# finished with cage



## anelk002 (Jul 24, 2012)

[attachment=4632]I just finished my cage for my b&w Tegu I should be getting next week. It wasn't as hard to build as I thought.Right now I'm testing out temps and I feel they may be a little high. The hot side has an ambient temp of 108-110 but the actual rock surface directly under the lamp is 129. The cool side isn't very cool at 84. I'm using a 75watt halogen bulb. Are these temps too high or should I drop down to a 60 or even 50.


----------



## mhuntley002 (Jul 24, 2012)

Sorry i cant answer your question but i do like your cage. What did u use to make the sliding glass door?


----------



## james.w (Jul 24, 2012)

Temps are too high. What are you using for uvb?


----------



## anelk002 (Jul 24, 2012)

Thanks I bought plastic tracks online as well as the glas. James that's what I thought so I ran to home depot and switched out the 75 watt for a 50 and its much better. About 2" above rock is 99 and actual rock hits 110. The ambient on the warm side is around 85 and on above the hide on cool side is 80-82 and under hide is upper 70s.

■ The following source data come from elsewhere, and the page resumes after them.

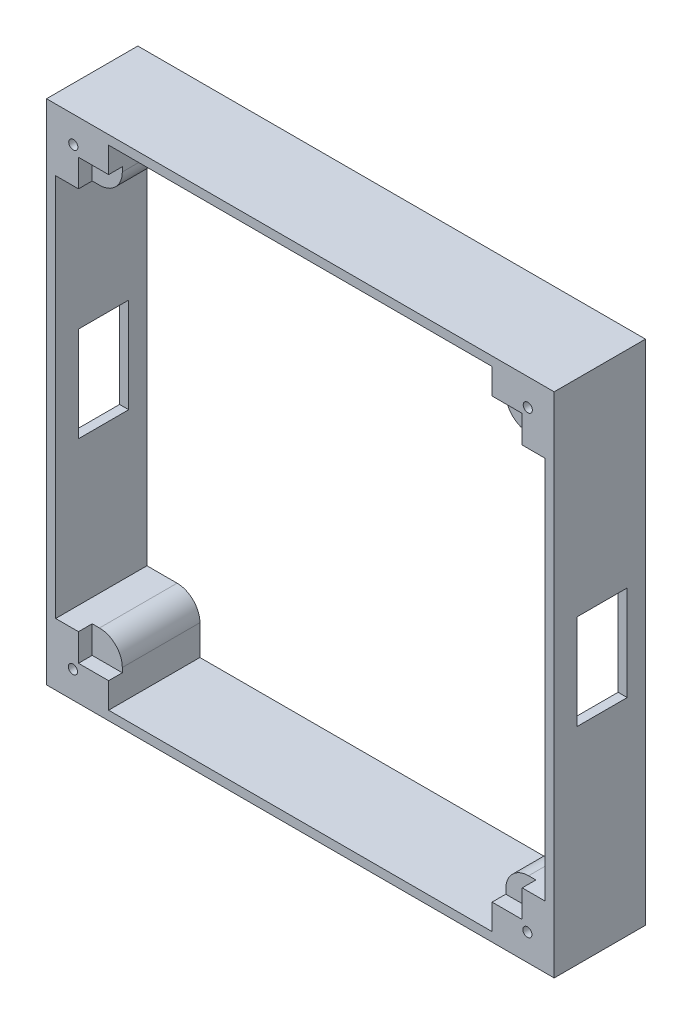
from build123d import *

# Parameters (mm, degrees)
SKICA1_W                 = 55.6
SKICA1_H                 = 55.6
SKICA1_W_2               = 53.6
SKICA1_H_2               = 53.6
P_IDAT_VYSUNUT_M1_DEPTH  = 10
SKICA3_W                 = 5.8
SKICA3_H                 = 5.8
P_IDAT_VYSUNUT_M2_DEPTH  = 10
ZAOBLIT1_R               = 2.5
SKICA4_R                 = 2.4
ODEBRAT_VYSUNUT_M1_DEPTH = 8
SKICA5_R                 = 0.5
ODEBRAT_VYSUNUT_M2_DEPTH = 2
SKICA6_W                 = 48.6
SKICA6_H                 = 48
ODEBRAT_VYSUNUT_M3_DEPTH = 1.5
SKICA7_W                 = 5.5
SKICA7_H                 = 10.4
ODEBRAT_VYSUNUT_M4_DEPTH = 55.6


with BuildPart() as part:
    # Skica1 → Přidat vysunutím1 (new body)
    with BuildSketch(Plane.XY):
        Rectangle(SKICA1_W, SKICA1_H)
        Rectangle(SKICA1_W_2, SKICA1_H_2, mode=Mode.SUBTRACT)
    extrude(amount=P_IDAT_VYSUNUT_M1_DEPTH)

    # Skica3 → Přidat vysunutím2 (add)
    with BuildSketch(Plane(origin=(0, 0, 0), x_dir=(-1, 0, 0), z_dir=(0, 0, -1))):
        with Locations((23.9, -23.9)):
            Rectangle(SKICA3_W, SKICA3_H)
        with Locations((23.9, 23.9)):
            Rectangle(SKICA3_W, SKICA3_H)
        with Locations((-23.9, -23.9)):
            Rectangle(SKICA3_W, SKICA3_H)
        with Locations((-23.9, 23.9)):
            Rectangle(SKICA3_W, SKICA3_H)
    extrude(amount=-P_IDAT_VYSUNUT_M2_DEPTH)

    # Zaoblit1
    zaoblit1_edges = [part.edges().sort_by_distance(p)[0] for p in [
        (-21, 21, 5),
        (-21, -21, 5),
        (21, -21, 5),
        (21, 21, 5),
    ]]
    fillet(zaoblit1_edges, radius=ZAOBLIT1_R)

    # Skica4 → Odebrat vysunutím1 (cut)
    with BuildSketch(Plane(origin=(0, 0, 0), x_dir=(-1, 0, 0), z_dir=(0, 0, -1))):
        with Locations((23.9, 23.9)):
            Circle(SKICA4_R)
        with Locations((23.9, -23.9)):
            Circle(SKICA4_R)
        with Locations((-23.9, -23.9)):
            Circle(SKICA4_R)
        with Locations((-23.9, 23.9)):
            Circle(SKICA4_R)
    extrude(amount=-ODEBRAT_VYSUNUT_M1_DEPTH, mode=Mode.SUBTRACT)

    # Skica5 → Odebrat vysunutím2 (cut)
    with BuildSketch(Plane(origin=(0, 0, 8), x_dir=(-1, 0, 0), z_dir=(0, 0, -1))):
        with Locations((24.868963017, 24.910500208)):
            Circle(SKICA5_R)
        with Locations((-24.910500208, 24.868963017)):
            Circle(SKICA5_R)
        with Locations((24.910500208, -24.868963017)):
            Circle(SKICA5_R)
        with Locations((-24.868963017, -24.910500208)):
            Circle(SKICA5_R)
    extrude(amount=-ODEBRAT_VYSUNUT_M2_DEPTH, mode=Mode.SUBTRACT)

    # Skica6 → Odebrat vysunutím3 (cut)
    with BuildSketch(Plane.XY.offset(10)):
        Rectangle(SKICA6_W, SKICA6_H)
    extrude(amount=-ODEBRAT_VYSUNUT_M3_DEPTH, mode=Mode.SUBTRACT)

    # Skica7 → Odebrat vysunutím4 (cut)
    with BuildSketch(Plane(origin=(27.8, 0, 0), x_dir=(0, 0, -1), z_dir=(1, 0, 0))):
        with Locations((-4.75, 0)):
            Rectangle(SKICA7_W, SKICA7_H)
    extrude(amount=-ODEBRAT_VYSUNUT_M4_DEPTH, mode=Mode.SUBTRACT)


solid = part.part

The pet store in my area only had one reptisun 10.0 but they had a blowout sale on the reptiglo 8.0. It was 4 24" bulbs for $36!!  so for now I have one reptisun and the other is the glo. From what I have seen apparently the reptiglo 8.0 r better than the new reptiglo 10.0 even though they r gettin rid of them.


----------



## bangem1988 (Jul 24, 2012)

wow this enclosure is almost the exact same as mine


----------



## anelk002 (Jul 24, 2012)

I actually stole the idea from James lol the top 6" comes off so that it can fit through doors.


----------



## james.w (Jul 24, 2012)

What are the dimensions? You may not need those vents. Are they close-able?


----------



## anelk002 (Jul 24, 2012)

It is 6x3x2.5 the vents arnt that big I was going for a little smaller but the cut out was just a tad too big so I had to go with bigger vents. the actual cutout is half that size.


----------



## Jeremyxb12 (Jul 24, 2012)

Wow that is awesome! anyone care to send some blueprints? lol


----------



## james.w (Jul 24, 2012)

In my 6*3*3.5 and my 8*3.5*3 I didn't have any vents. If you notice humidity is not staying up, try closing off the vents.


----------



## anelk002 (Jul 24, 2012)

Will do thanks. All this week I'm doing testing to make sure everything is where it needs to be. All day today humidity stayed between 65-70% and that's with no water bowl inside but ill keep an eye on it.


----------



## anelk002 (Jul 29, 2012)

So I switched to a 50watt bulb but even though temps of thermometer said they were fine it did not feel warm enough when I touched it. So I went and bought a good temp gun instead of the probe thermometers. It showed only 95 max so I upgraded to a 75 again and now it seems perfect with max in dead center at 115 but usually stays 108-110 in basking spot. So for people that use the probes I would def recommend a gun instead bc mine was almost 20 degrees off!!!


----------